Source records
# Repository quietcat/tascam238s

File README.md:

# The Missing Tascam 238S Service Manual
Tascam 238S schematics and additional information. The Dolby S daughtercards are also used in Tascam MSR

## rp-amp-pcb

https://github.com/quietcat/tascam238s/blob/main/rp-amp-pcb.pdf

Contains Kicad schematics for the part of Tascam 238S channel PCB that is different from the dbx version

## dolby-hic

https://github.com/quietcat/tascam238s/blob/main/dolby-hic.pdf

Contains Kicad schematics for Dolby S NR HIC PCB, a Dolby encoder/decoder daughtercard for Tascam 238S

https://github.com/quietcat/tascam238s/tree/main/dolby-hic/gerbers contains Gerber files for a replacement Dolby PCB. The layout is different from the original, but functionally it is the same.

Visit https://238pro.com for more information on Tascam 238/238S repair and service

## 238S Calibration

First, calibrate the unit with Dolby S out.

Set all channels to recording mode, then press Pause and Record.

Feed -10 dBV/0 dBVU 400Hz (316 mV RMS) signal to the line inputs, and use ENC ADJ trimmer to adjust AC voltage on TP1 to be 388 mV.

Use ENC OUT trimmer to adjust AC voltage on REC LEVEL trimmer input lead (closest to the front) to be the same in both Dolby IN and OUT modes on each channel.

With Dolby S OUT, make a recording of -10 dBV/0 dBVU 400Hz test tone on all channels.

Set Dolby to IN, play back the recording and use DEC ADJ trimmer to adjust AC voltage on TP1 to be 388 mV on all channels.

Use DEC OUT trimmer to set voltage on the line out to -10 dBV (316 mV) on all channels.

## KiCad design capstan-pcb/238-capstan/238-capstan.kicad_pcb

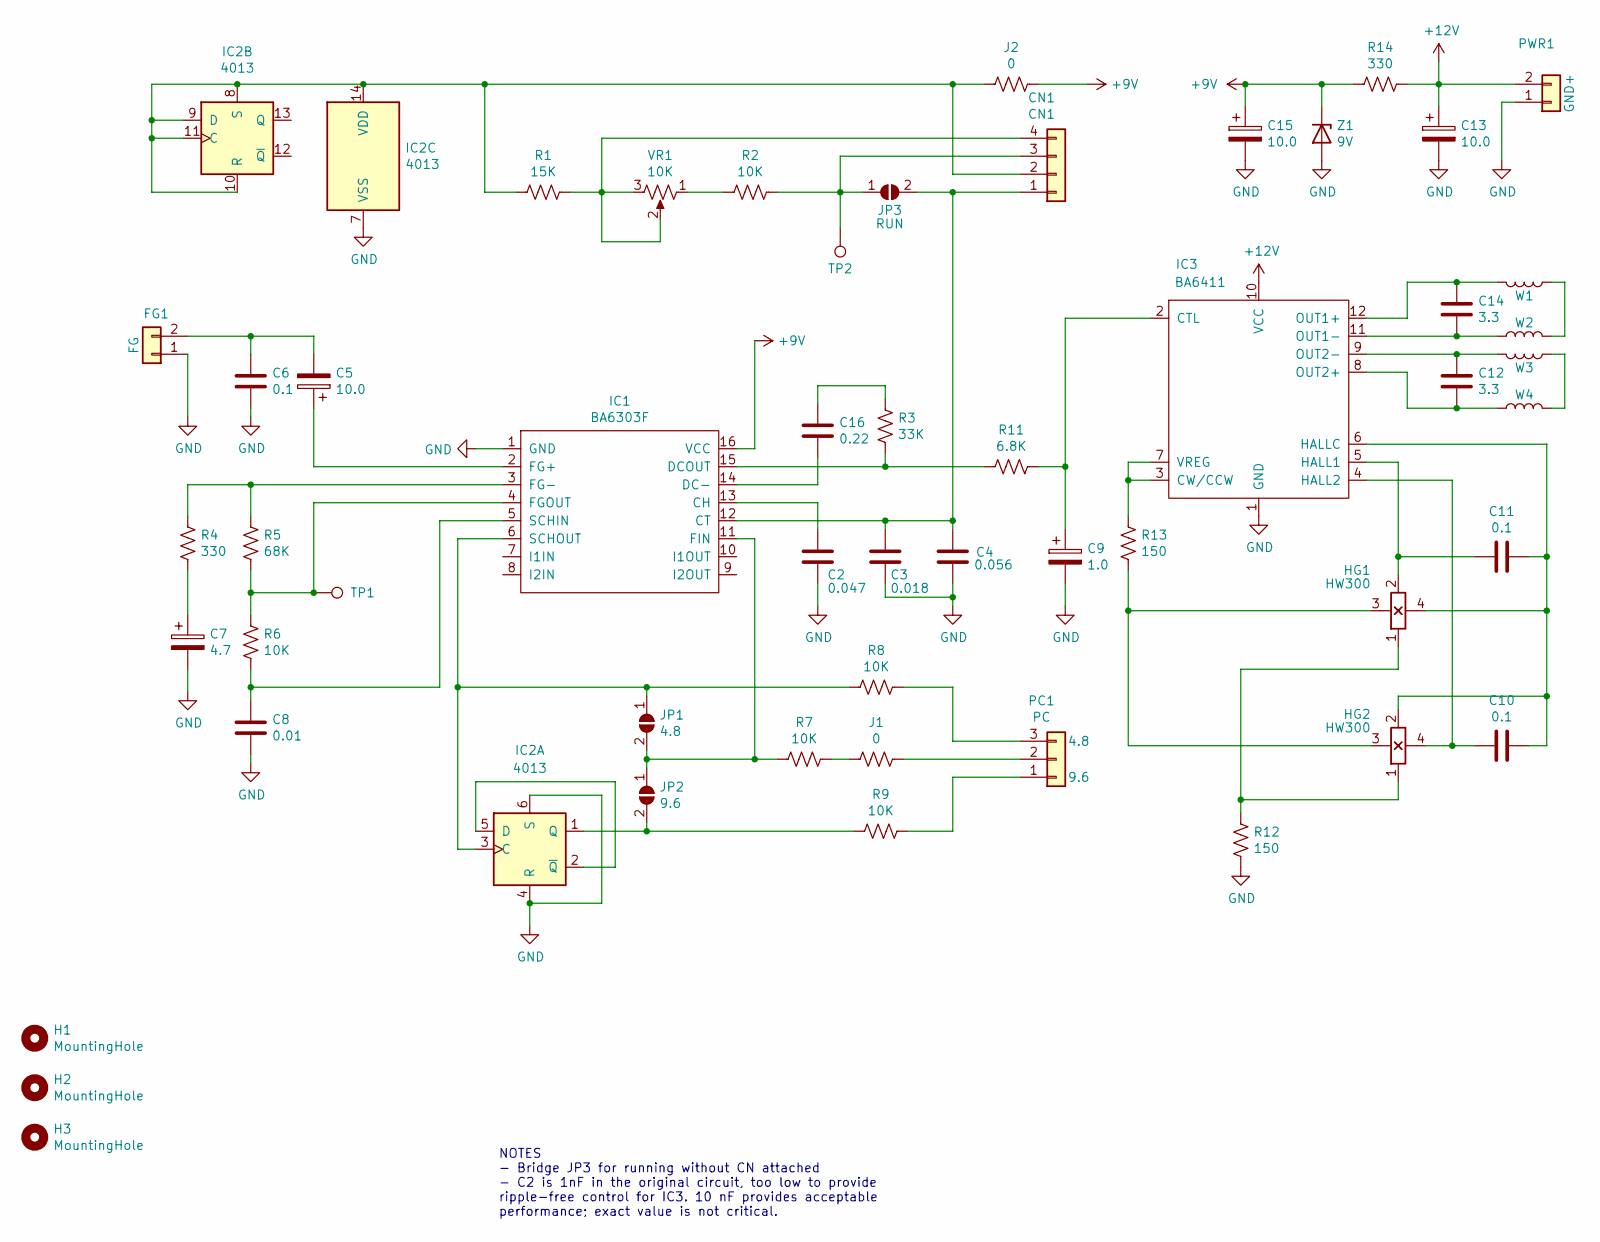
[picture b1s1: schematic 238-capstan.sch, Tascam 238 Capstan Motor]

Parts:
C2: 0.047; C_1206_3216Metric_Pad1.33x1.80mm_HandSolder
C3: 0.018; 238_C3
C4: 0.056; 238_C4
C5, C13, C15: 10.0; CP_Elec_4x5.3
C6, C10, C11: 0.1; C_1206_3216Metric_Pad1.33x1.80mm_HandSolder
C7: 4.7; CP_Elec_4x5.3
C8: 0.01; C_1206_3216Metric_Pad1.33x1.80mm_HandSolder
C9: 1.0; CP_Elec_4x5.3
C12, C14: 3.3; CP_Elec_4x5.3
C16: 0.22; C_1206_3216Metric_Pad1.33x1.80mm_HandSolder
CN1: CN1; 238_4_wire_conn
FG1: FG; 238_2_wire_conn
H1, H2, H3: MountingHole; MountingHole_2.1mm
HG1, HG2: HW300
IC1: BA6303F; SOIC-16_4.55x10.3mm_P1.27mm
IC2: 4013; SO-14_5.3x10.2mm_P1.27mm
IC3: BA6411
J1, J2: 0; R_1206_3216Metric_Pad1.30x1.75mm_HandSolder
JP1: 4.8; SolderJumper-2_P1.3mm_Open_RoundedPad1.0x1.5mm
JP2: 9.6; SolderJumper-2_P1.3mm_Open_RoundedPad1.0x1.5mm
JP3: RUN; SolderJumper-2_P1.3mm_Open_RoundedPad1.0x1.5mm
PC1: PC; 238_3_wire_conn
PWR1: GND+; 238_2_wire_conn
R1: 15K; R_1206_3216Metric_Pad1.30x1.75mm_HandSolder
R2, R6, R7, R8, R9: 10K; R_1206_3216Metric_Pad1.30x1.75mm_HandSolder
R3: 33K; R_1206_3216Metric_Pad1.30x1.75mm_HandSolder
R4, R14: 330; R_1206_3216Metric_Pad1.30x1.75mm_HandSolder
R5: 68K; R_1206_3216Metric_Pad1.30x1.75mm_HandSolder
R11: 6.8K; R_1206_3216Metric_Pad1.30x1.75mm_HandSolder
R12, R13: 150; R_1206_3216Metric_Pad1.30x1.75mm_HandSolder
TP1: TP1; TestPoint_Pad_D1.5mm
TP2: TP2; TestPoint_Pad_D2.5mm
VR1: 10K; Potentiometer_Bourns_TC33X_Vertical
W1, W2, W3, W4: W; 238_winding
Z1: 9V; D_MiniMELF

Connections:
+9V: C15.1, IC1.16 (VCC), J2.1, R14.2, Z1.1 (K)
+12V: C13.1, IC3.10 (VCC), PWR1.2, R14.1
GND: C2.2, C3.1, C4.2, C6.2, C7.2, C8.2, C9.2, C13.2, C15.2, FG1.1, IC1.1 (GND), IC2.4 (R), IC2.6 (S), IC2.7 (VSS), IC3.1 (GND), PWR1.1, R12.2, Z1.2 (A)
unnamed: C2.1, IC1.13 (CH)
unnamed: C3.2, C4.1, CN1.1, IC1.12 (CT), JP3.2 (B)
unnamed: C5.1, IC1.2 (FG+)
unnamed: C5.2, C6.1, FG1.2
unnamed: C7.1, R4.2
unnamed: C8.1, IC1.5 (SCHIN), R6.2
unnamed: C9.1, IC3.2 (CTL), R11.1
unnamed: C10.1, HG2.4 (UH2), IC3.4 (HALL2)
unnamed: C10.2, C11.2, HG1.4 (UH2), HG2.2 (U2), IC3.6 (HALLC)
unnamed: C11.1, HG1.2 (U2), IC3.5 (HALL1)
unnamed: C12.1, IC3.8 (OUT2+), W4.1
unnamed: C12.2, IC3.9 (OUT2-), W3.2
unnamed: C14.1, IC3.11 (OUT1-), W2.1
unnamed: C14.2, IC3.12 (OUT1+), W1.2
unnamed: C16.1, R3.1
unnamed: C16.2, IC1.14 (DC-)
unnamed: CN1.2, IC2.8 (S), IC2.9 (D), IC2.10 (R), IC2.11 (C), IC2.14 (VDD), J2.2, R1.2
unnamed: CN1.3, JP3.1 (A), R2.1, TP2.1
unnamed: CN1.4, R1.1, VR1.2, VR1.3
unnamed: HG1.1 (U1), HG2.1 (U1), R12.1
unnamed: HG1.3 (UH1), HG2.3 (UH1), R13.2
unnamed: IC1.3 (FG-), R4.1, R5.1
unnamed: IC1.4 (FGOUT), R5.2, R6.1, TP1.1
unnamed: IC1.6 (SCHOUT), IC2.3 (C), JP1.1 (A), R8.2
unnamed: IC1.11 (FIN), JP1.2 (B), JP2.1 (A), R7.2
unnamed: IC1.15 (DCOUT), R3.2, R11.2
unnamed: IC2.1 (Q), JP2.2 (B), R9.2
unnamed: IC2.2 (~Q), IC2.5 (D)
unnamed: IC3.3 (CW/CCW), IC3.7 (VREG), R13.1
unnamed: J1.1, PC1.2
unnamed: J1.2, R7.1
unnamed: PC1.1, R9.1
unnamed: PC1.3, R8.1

• Task requirements
When the line with "R12.2, Z1.2 (A)" is reached in the data above, begin copying, and stop after the line with "unnamed: C5.2, C6.1, FG1.2"; copy each line exactly, both ends included.

• Output of the task
GND: C2.2, C3.1, C4.2, C6.2, C7.2, C8.2, C9.2, C13.2, C15.2, FG1.1, IC1.1 (GND), IC2.4 (R), IC2.6 (S), IC2.7 (VSS), IC3.1 (GND), PWR1.1, R12.2, Z1.2 (A)
unnamed: C2.1, IC1.13 (CH)
unnamed: C3.2, C4.1, CN1.1, IC1.12 (CT), JP3.2 (B)
unnamed: C5.1, IC1.2 (FG+)
unnamed: C5.2, C6.1, FG1.2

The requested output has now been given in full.